CGAL provides classes for measuring the user process time and the real time. The class Timer is the version for the user process time and the class Real_timer is the version for the real time.

Instantiations of both classes are objects with a state. The state is either running or it is stopped. The state of an object t is controlled with t.start() and t.stop(). The timer counts the time elapsed since its creation or last reset. It counts only the time where it is in the running state. The time information is given in seconds. The timer counts also the number of intervals it was running, i.e. it counts the number of calls of the start() member function since the last reset. If the reset occurs while the timer is running it counts as the first interval.

Memory Size

CGAL provides access to the memory size used by the program with the Memory_sizer class. Both the virtual memory size and the resident size are available (the resident size does not account for swapped out memory nor for the memory which is not yet paged-in).

Profiling

CGAL provides a way to count the number of times a given line of code is executed during the execution of a program. Such Profile_counter counters can be added at critical place in the code, and at the end of the execution of a program, the count is printed on std::cerr. A macro CGAL_PROFILER can be used to conveniently place these counters anywhere. They are disabled by default and activated by the global macro CGAL_PROFILE.

Unique Hash Map

The class Unique_hash_map implements an injective mapping between a set of unique keys and a set of data values. This is implemented using a chained hashing scheme and access operations take \( O(1)\) expected time. Such a mapping is useful, for example, when keys are pointers, handles, iterators or circulators that refer to unique memory locations. In this case, the default hash function is Handle_hash_function.

Union-find

CGAL also provides a class Union_find that implements a partition of values into disjoint sets. This is implemented with union by rank and path compression. The running time for \( m\) set operations on \( n\) elements is \( O(n\alpha(m,n))\) where \( \alpha(m,n)\) is the extremely slowly growing inverse of Ackermann's function.

Protected Access to Internal Representations

High level data structures typically maintain integrity of an internal data representation, which they protect from the user. A minimal while complete interface of the data structure allows manipulations in the domain of valid representations. Additional operations might benefit from being allowed to access the internal data representation directly. An example are intermediate steps within an algorithm where the internal representation would be invalid. We present a general method to accomplish access in a safe manner, such that the high level data structures can guarantee validity after the possibly compromising algorithm has finished its work. An example are polyhedral surfaces, where a construction process like for a file scanner could be performed more efficiently on the internal halfedge data structure than by using the high-level Euler operators of the polyhedron.

modifier_small.png
Figure 92.1 Class diagram for the modifier. It illustrates the safe access to an internal representation through an high-level interface.
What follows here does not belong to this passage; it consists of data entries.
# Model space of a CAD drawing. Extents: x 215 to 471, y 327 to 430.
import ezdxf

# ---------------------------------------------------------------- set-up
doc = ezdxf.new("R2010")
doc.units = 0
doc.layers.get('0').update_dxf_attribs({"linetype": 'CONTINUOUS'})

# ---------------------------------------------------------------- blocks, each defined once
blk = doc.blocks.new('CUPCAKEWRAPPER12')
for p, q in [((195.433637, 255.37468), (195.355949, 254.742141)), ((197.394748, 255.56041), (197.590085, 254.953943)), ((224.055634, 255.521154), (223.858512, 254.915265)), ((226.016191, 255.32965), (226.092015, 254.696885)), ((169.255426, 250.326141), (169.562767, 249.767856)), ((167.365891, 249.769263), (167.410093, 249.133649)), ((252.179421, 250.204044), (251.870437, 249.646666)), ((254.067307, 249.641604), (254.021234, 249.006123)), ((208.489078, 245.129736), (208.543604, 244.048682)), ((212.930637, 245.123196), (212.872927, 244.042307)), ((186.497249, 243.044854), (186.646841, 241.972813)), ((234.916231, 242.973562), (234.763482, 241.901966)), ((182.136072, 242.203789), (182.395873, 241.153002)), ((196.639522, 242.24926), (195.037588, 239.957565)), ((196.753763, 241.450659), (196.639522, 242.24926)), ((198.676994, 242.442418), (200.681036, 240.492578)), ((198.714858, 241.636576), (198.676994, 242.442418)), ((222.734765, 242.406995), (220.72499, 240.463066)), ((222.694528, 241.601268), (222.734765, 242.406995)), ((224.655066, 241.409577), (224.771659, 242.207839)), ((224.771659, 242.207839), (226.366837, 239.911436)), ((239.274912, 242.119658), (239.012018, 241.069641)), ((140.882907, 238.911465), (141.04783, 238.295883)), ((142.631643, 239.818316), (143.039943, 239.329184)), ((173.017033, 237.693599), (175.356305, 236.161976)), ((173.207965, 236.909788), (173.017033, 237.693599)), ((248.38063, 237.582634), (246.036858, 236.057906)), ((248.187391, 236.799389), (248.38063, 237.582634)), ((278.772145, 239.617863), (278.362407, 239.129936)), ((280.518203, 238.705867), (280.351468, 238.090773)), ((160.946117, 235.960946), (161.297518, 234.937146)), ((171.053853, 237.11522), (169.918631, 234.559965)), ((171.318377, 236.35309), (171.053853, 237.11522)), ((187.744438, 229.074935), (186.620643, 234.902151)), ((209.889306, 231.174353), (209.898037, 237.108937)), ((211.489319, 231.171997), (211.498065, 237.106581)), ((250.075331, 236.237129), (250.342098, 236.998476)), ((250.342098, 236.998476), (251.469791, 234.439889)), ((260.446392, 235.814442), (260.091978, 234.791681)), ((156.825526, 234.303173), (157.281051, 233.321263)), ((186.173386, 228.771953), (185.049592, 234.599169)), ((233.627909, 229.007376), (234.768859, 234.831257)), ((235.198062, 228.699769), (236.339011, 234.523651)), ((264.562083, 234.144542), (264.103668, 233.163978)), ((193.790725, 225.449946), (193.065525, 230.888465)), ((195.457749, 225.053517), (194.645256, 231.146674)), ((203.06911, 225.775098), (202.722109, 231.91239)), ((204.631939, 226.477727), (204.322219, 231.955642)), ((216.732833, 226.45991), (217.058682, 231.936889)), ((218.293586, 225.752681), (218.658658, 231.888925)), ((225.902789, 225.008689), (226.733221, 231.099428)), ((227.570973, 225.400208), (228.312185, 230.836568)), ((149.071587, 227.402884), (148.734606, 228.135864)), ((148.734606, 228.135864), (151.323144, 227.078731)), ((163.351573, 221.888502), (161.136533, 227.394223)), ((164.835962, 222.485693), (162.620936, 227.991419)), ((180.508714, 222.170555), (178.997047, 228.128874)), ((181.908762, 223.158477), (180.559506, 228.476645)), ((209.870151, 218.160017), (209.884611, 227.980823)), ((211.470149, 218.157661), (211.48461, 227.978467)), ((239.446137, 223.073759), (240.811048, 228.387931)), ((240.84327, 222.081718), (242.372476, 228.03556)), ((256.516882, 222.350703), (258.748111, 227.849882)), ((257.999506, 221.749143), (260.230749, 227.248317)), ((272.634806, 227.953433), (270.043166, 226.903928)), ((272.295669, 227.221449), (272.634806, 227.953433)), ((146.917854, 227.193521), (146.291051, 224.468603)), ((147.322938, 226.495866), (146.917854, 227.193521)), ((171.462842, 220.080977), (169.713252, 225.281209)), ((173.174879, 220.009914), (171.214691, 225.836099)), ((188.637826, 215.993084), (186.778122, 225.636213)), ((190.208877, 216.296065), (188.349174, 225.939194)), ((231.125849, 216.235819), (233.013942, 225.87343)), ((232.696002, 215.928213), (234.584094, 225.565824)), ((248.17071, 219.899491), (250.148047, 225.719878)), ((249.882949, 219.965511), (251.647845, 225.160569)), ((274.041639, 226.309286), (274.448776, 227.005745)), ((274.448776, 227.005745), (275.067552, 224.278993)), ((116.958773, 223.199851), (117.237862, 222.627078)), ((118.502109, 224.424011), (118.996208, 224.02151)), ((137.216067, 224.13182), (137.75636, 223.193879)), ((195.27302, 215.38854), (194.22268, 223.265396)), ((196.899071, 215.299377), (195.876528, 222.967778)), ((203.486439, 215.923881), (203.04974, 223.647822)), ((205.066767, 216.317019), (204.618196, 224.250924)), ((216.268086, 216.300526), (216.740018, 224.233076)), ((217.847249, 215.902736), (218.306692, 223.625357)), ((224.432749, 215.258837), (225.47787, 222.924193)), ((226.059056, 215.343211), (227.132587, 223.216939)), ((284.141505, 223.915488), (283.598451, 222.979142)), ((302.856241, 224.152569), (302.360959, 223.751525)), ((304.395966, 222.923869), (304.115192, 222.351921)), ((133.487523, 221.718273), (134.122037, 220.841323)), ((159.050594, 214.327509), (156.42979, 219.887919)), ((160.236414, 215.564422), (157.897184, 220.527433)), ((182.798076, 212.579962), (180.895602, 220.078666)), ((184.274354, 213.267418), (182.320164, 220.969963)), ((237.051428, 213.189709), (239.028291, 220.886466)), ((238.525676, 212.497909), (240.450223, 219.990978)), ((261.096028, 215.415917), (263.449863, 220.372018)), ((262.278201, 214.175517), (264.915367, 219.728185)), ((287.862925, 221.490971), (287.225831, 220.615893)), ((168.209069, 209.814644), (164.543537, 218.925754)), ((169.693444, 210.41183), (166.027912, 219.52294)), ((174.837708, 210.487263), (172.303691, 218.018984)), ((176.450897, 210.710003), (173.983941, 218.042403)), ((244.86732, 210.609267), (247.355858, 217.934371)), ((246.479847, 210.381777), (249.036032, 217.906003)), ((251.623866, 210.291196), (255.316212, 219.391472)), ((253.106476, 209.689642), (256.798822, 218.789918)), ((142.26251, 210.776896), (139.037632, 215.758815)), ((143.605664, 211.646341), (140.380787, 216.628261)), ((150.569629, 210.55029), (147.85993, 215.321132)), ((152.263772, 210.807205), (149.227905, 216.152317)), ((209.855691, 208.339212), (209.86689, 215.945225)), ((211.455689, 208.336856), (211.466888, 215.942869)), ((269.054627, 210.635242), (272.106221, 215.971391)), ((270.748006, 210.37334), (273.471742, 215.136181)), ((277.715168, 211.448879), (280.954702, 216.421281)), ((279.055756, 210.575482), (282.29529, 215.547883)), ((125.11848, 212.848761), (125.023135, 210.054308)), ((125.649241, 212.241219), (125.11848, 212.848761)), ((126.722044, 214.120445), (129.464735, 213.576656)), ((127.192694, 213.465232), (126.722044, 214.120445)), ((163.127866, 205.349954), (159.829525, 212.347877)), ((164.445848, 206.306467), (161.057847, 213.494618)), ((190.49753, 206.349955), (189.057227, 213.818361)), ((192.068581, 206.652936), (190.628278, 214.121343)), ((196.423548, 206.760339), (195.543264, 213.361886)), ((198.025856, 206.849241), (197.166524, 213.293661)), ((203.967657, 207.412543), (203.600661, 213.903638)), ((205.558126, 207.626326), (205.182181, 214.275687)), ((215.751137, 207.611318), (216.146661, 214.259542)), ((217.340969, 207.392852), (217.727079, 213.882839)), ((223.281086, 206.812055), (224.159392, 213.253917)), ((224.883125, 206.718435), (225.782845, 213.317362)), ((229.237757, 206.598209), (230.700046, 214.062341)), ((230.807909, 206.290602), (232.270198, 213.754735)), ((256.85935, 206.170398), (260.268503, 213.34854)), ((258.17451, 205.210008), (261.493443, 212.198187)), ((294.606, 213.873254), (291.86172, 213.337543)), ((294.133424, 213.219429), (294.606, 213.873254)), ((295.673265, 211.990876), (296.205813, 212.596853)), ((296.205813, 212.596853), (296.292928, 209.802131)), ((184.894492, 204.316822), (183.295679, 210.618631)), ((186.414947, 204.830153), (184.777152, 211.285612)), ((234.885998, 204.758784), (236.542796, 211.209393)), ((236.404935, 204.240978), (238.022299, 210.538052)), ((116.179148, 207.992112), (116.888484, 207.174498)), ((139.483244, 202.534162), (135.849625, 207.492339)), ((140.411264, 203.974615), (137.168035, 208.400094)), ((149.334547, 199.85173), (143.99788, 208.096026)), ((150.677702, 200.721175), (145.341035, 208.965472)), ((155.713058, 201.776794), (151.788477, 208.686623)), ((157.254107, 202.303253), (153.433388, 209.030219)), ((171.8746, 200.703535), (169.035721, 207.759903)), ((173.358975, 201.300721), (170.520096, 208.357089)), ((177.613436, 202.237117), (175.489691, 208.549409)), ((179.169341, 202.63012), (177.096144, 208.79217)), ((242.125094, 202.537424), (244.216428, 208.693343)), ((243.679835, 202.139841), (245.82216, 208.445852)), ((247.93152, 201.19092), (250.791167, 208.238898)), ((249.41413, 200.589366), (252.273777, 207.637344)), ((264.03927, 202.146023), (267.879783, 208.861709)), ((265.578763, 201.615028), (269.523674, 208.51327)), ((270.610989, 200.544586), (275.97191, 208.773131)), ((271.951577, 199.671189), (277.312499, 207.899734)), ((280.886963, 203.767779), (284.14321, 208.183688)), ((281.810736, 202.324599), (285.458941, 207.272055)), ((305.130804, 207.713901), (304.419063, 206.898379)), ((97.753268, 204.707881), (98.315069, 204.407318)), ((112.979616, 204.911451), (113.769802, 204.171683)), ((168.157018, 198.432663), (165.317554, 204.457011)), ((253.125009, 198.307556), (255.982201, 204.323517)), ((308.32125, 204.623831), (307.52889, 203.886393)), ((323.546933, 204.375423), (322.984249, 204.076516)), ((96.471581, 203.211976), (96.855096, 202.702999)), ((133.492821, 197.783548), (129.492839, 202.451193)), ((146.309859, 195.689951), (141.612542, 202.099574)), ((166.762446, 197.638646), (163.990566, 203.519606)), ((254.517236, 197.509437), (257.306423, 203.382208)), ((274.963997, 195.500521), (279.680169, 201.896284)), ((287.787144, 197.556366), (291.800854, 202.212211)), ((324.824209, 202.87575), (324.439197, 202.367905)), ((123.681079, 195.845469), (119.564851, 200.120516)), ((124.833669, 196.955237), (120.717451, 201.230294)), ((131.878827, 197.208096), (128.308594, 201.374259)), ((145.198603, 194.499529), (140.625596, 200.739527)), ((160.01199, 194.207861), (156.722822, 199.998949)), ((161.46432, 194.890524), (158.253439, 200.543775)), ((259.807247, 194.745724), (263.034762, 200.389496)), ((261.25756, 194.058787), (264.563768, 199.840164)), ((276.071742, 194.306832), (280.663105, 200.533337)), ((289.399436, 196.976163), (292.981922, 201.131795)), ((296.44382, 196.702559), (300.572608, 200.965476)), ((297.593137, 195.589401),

The solution provided here is inspired by the strategy pattern [1], though it serves a different intent. The abstract base class Modifier_base<R> declares a pure virtual member function operator() that accepts a single reference parameter of the internal representation type. The member function delegate() of the high-level interface calls this operator() with its internal representation. An actual modifier implements this virtual function, thus gaining access to the internal representation. Once, the modifier has finished its work, the member function delegate() is back in control and can check the validity of the internal representation. Summarizing, a user can implement and apply arbitrary functions based on the internal representation and keeps the benefit if a protected high-level interface. User provided modifiers must in any case return a valid internal representation or the checker in the high-level interface is allowed (and supposed) to abort the program. The indirection via the virtual function invocation is negligible for operations that consists of more than a pointer update or integer addition.